(Data records begins)

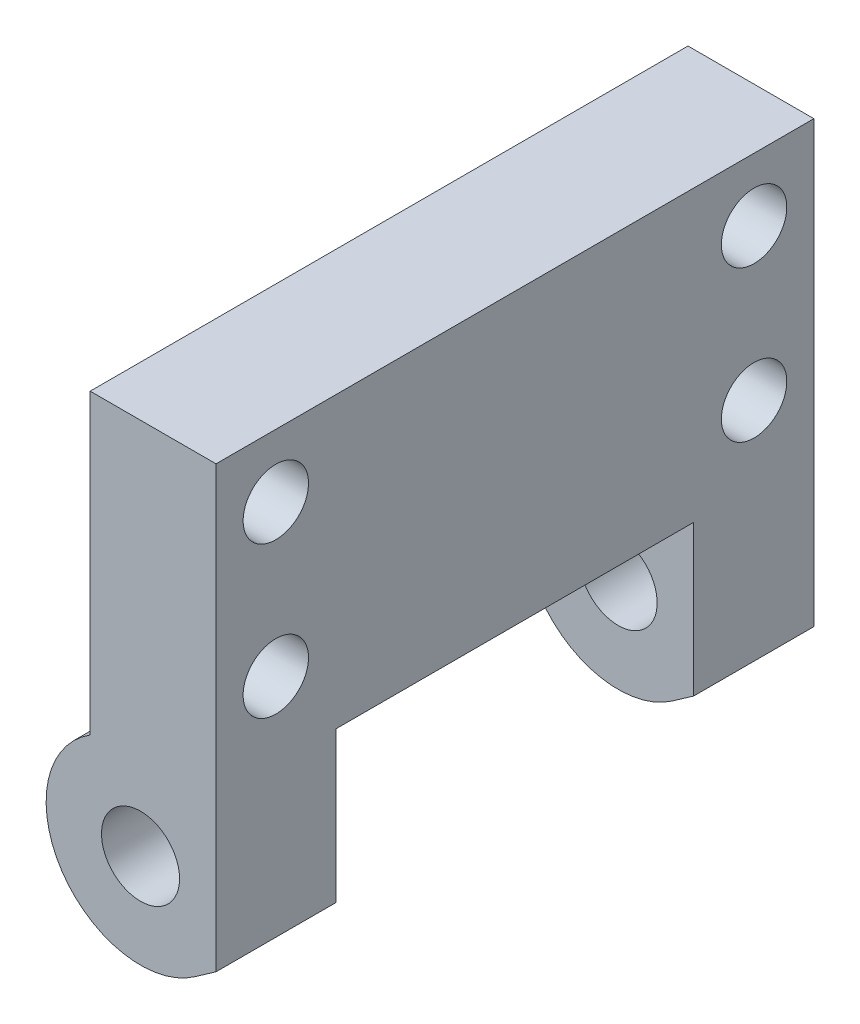
from build123d import *

# Parameters (mm, degrees)
SKETCH1_R           = 3.1
BOSS_EXTRUDE1_DEPTH = 47.5
SKETCH2_W           = 28.4
SKETCH2_H           = 18.032695685
CUT_EXTRUDE1_DEPTH  = 14.5
SKETCH3_R           = 2.6
CUT_EXTRUDE2_DEPTH  = 11


with BuildPart() as part:
    # Sketch1 → Boss-Extrude1 (new body)
    with BuildSketch(Plane.XY):
        with BuildLine():
            Line((-4, 6.34428877), (-4, 30))
            Line((-4, 30), (6, 30))
            Line((6, 30), (6, -4.954564186))
            Line((6, -4.954564186), (4.301823273, -6.143640332))
            ThreePointArc((4.301823273, -6.143640332), (-6.245787992, -4.152123837), (-4, 6.34428877))
        make_face()
        Circle(SKETCH1_R, mode=Mode.SUBTRACT)
    extrude(amount=BOSS_EXTRUDE1_DEPTH)

    # Sketch2 → Cut-Extrude1 (cut, through all)
    with BuildSketch(Plane(origin=(6, 0, 0), x_dir=(0, 0, -1), z_dir=(1, 0, 0))):
        with Locations((-23.75, -2.016347843)):
            Rectangle(SKETCH2_W, SKETCH2_H)
    extrude(amount=-CUT_EXTRUDE1_DEPTH, mode=Mode.SUBTRACT)

    # Sketch3 → Cut-Extrude2 (cut, through all)
    with BuildSketch(Plane.ZY.offset(4)):
        with Locations((4.75, 25)):
            Circle(SKETCH3_R)
        with Locations((4.75, 13)):
            Circle(SKETCH3_R)
        with Locations((42.75, 25)):
            Circle(SKETCH3_R)
        with Locations((42.75, 13)):
            Circle(SKETCH3_R)
    extrude(amount=-CUT_EXTRUDE2_DEPTH, mode=Mode.SUBTRACT)


solid = part.part
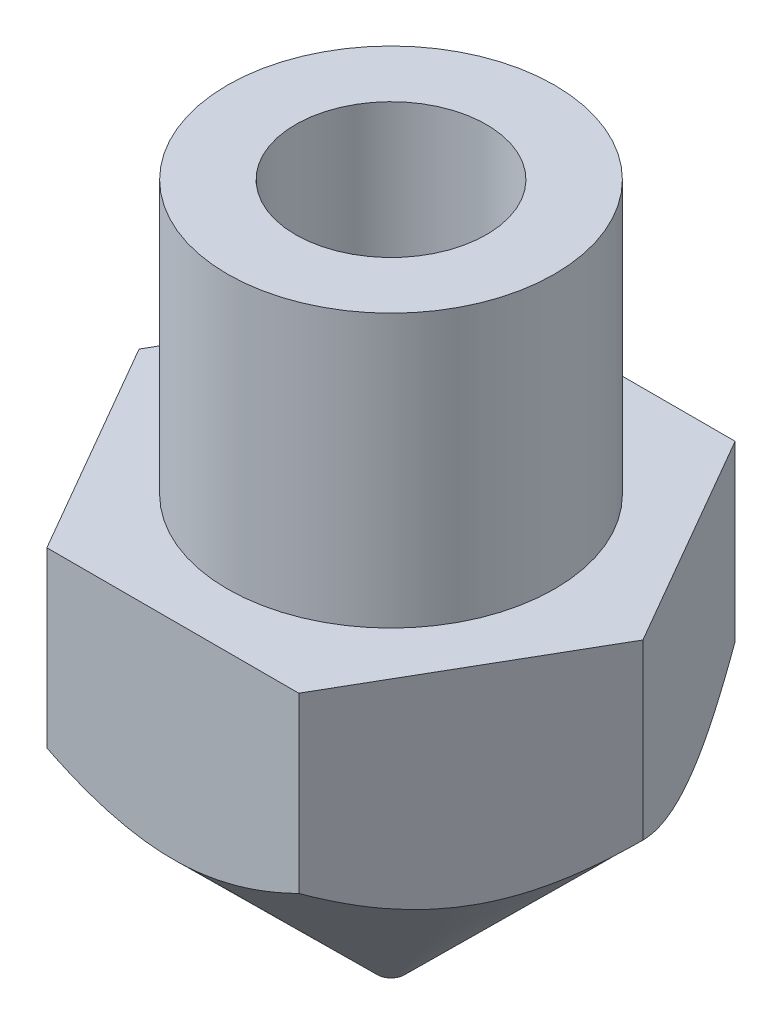
from build123d import *

# Parameters (mm, degrees)
BOSS_EXTRUDE1_DEPTH = 3
SKETCH3_R           = 5.46173703
CUT_EXTRUDE1_DEPTH  = 10
CUT_EXTRUDE2_REACH  = 11.674
SKETCH4_R           = 1.75
SKETCH5_R           = 3
SKETCH5_R_2         = 1.75
BOSS_EXTRUDE2_DEPTH = 5


with BuildPart() as part:
    # Sketch1 → Revolve1 (revolve)
    with BuildSketch(Plane.XY):
        Polygon((-0.2, 0), (-0.25, 0), (-4.8, 4.5), (-1.75, 4.5), (-1.75, 2.684678752), align=None)
    revolve(axis=Axis((0, 0, 0), (0, 1, 0)))

    # Sketch2 → Boss-Extrude1 (add)
    with BuildSketch(Plane(origin=(0, 4.5, 0), x_dir=(1, 0, 0), z_dir=(0, 1, 0))):
        Polygon((2.309401077, -4), (4.618802154, 0), (2.309401077, 4), (-2.309401077, 4), (-4.618802154, 0), (-2.309401077, -4), align=None)
    extrude(amount=BOSS_EXTRUDE1_DEPTH)

    # Sketch3 → Cut-Extrude1 (cut)
    with BuildSketch(Plane(origin=(0, 7.5, 0), x_dir=(1, 0, 0), z_dir=(0, 1, 0))):
        Circle(SKETCH3_R)
        Polygon((-2.309401077, -4), (2.309401077, -4), (4.618802154, 0), (2.309401077, 4), (-2.309401077, 4), (-4.618802154, 0), align=None, mode=Mode.SUBTRACT)
    extrude(amount=-CUT_EXTRUDE1_DEPTH, mode=Mode.SUBTRACT)

    # Sketch4 → Cut-Extrude2 (cut, up to next)
    with BuildSketch(Plane(origin=(0, 7.5, 0), x_dir=(1, 0, 0), z_dir=(0, 1, 0)), mode=Mode.PRIVATE) as cut_extrude2_sk1:
        Circle(SKETCH4_R)
    cut_extrude2_tool1 = extrude(cut_extrude2_sk1.sketch, amount=-CUT_EXTRUDE2_REACH, mode=Mode.PRIVATE) & part.part
    add(cut_extrude2_tool1.solids().sort_by_distance((0, 7.5, 0))[0], mode=Mode.SUBTRACT)

    # Sketch5 → Boss-Extrude2 (add)
    with BuildSketch(Plane(origin=(0, 7.5, 0), x_dir=(1, 0, 0), z_dir=(0, 1, 0))):
        Circle(SKETCH5_R)
        Circle(SKETCH5_R_2, mode=Mode.SUBTRACT)
    extrude(amount=BOSS_EXTRUDE2_DEPTH)


solid = part.part

(Data records ends)

§ Assignment
List all lines from the entries that include the word "origin".

§ Final answer
    with BuildSketch(Plane(origin=(6, 0, 0), x_dir=(0, 0, -1), z_dir=(1, 0, 0))):
    with BuildSketch(Plane(origin=(0, 4.5, 0), x_dir=(1, 0, 0), z_dir=(0, 1, 0))):
    with BuildSketch(Plane(origin=(0, 7.5, 0), x_dir=(1, 0, 0), z_dir=(0, 1, 0))):
    with BuildSketch(Plane(origin=(0, 7.5, 0), x_dir=(1, 0, 0), z_dir=(0, 1, 0)), mode=Mode.PRIVATE) as cut_extrude2_sk1:
    with BuildSketch(Plane(origin=(0, 7.5, 0), x_dir=(1, 0, 0), z_dir=(0, 1, 0))):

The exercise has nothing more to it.